Brief
Transcription, pictures excluded: write out the data below exactly.

──────── Record excerpts ────────

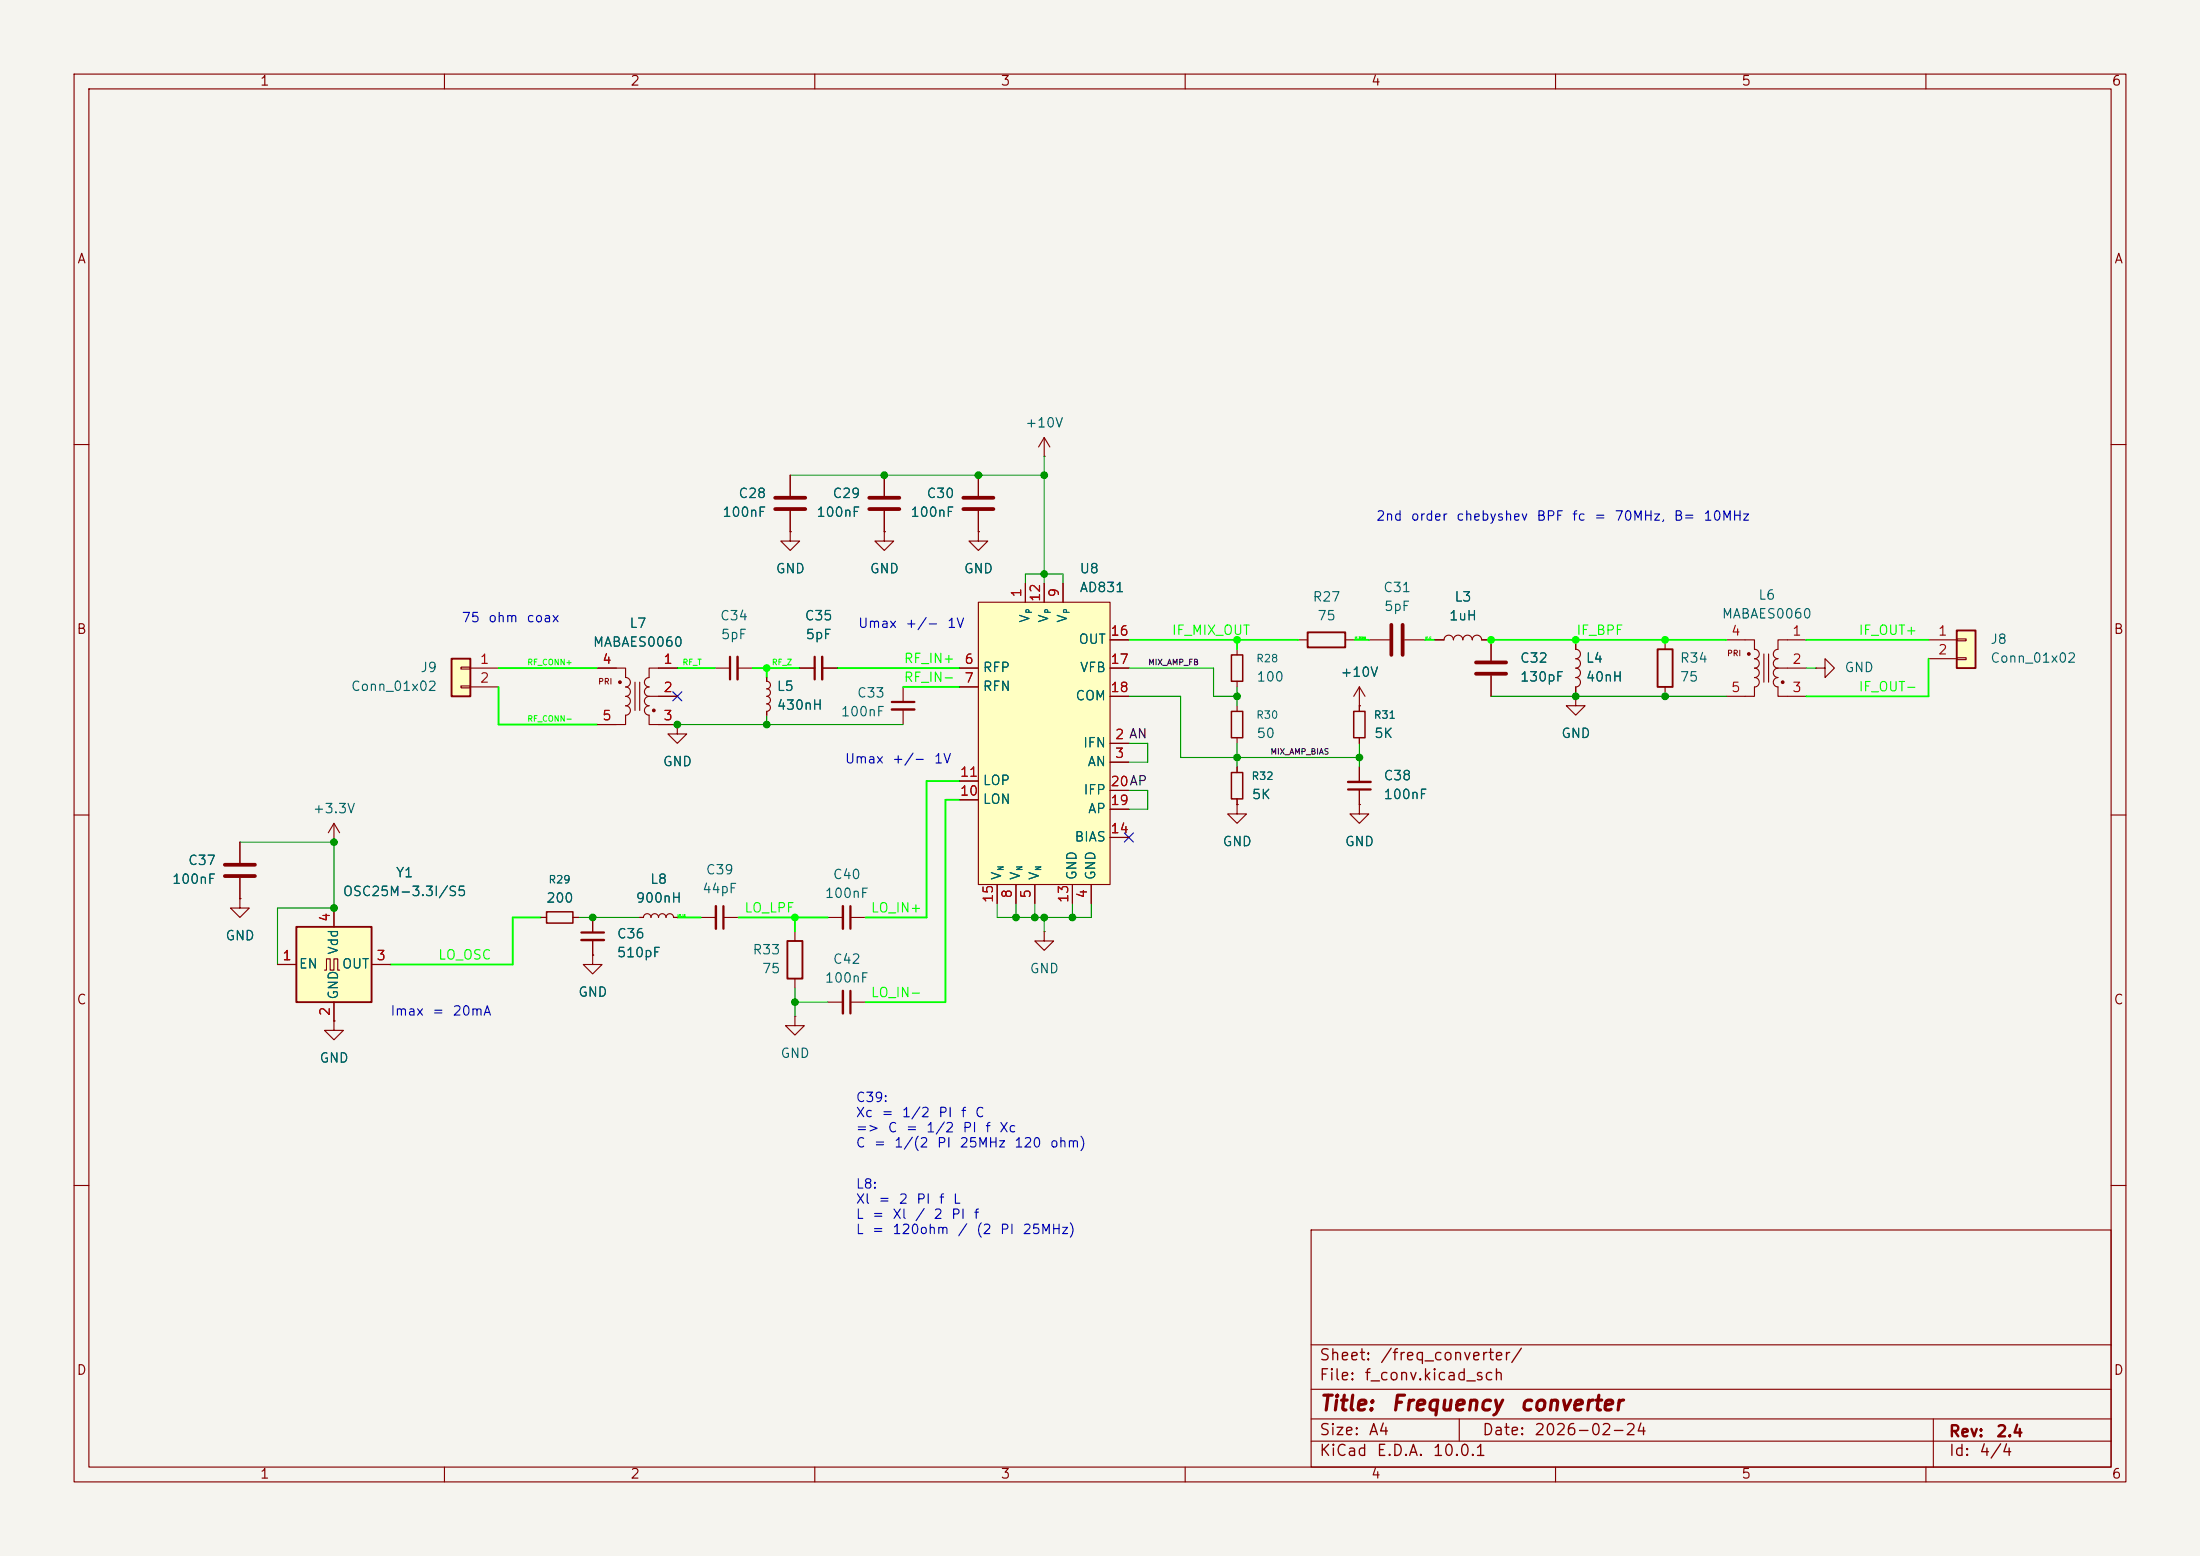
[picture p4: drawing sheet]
<svg xmlns="http://www.w3.org/2000/svg" width="297mm" height="210mm" viewBox="0 0 297 210" stroke-linecap="round" stroke-linejoin="round" font-family="sans-serif">
<path d="M0 0h297v210h-297z" fill="#f5f4ef" stroke="#f5f4ef" stroke-width=".14"/>
<g fill="none" stroke="#840000" stroke-width=".15">
<path d="M10 10h277v190h-277zM12 12h273v186h-273zM60 10v2M110 10v2M160 10v2M210 10v2M260 10v2M10 60h2M106.7 71.8v1.2h1.2l-1.2 1.3-1.3-1.3h1.3M106.7 71.8h.1M285 60h2M103.5 91.4v.5a.51 .51 0 0 1 .5 .6 .51 .51 0 0 1-.5 .5"/>
<path d="M103.5 93a.51 .51 0 0 1 .5 .5 .51 .51 0 0 1-.5 .5M103.5 94a.51 .51 0 0 1 .5 .5 .51 .51 0 0 1-.5 .5 .5 .5 0 0 1 .5 .5 .5 .5 0 0 1-.5 .5v.5M107.9 90.2h2.1M111 90.2h2M121.9 92.7v2M121.9 95.8v2M193.7 86.4h1.2a.64 .64 0 0 1 .7-.7 .64 .64 0 0 1 .6 .7 .64 .64 0 0 1 .6-.7 .64 .64 0 0 1 .7 .7 .64 .64 0 0 1 .6-.7 .64 .64 0 0 1 .7 .7 .64 .64 0 0 1 .6-.7 .64 .64 0 0 1 .6 .7h1.3v2.8M201.3 91.2v2.8M224.8 86.4v1.2M224.8 92.7v1.3M10 110h2M183.5 108.6v1.3h1.3l-1.3 1.2-1.3-1.2h1.3"/>
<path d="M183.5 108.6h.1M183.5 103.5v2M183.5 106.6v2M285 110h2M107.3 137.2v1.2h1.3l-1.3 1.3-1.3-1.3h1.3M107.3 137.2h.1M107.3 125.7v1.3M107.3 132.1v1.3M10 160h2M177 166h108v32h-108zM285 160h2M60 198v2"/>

────────

Exercise answer
[picture p4: drawing sheet]
<svg xmlns="http://www.w3.org/2000/svg" width="297mm" height="210mm" viewBox="0 0 297 210" stroke-linecap="round" stroke-linejoin="round" font-family="sans-serif">
<path d="M0 0h297v210h-297z" fill="#f5f4ef" stroke="#f5f4ef" stroke-width=".14"/>
<g fill="none" stroke="#840000" stroke-width=".15">
<path d="M10 10h277v190h-277zM12 12h273v186h-273zM60 10v2M110 10v2M160 10v2M210 10v2M260 10v2M10 60h2M106.7 71.8v1.2h1.2l-1.2 1.3-1.3-1.3h1.3M106.7 71.8h.1M285 60h2M103.5 91.4v.5a.51 .51 0 0 1 .5 .6 .51 .51 0 0 1-.5 .5"/>
<path d="M103.5 93a.51 .51 0 0 1 .5 .5 .51 .51 0 0 1-.5 .5M103.5 94a.51 .51 0 0 1 .5 .5 .51 .51 0 0 1-.5 .5 .5 .5 0 0 1 .5 .5 .5 .5 0 0 1-.5 .5v.5M107.9 90.2h2.1M111 90.2h2M121.9 92.7v2M121.9 95.8v2M193.7 86.4h1.2a.64 .64 0 0 1 .7-.7 .64 .64 0 0 1 .6 .7 .64 .64 0 0 1 .6-.7 .64 .64 0 0 1 .7 .7 .64 .64 0 0 1 .6-.7 .64 .64 0 0 1 .7 .7 .64 .64 0 0 1 .6-.7 .64 .64 0 0 1 .6 .7h1.3v2.8M201.3 91.2v2.8M224.8 86.4v1.2M224.8 92.7v1.3M10 110h2M183.5 108.6v1.3h1.3l-1.3 1.2-1.3-1.2h1.3"/>
<path d="M183.5 108.6h.1M183.5 103.5v2M183.5 106.6v2M285 110h2M107.3 137.2v1.2h1.3l-1.3 1.3-1.3-1.3h1.3M107.3 137.2h.1M107.3 125.7v1.3M107.3 132.1v1.3M10 160h2M177 166h108v32h-108zM285 160h2M60 198v2"/>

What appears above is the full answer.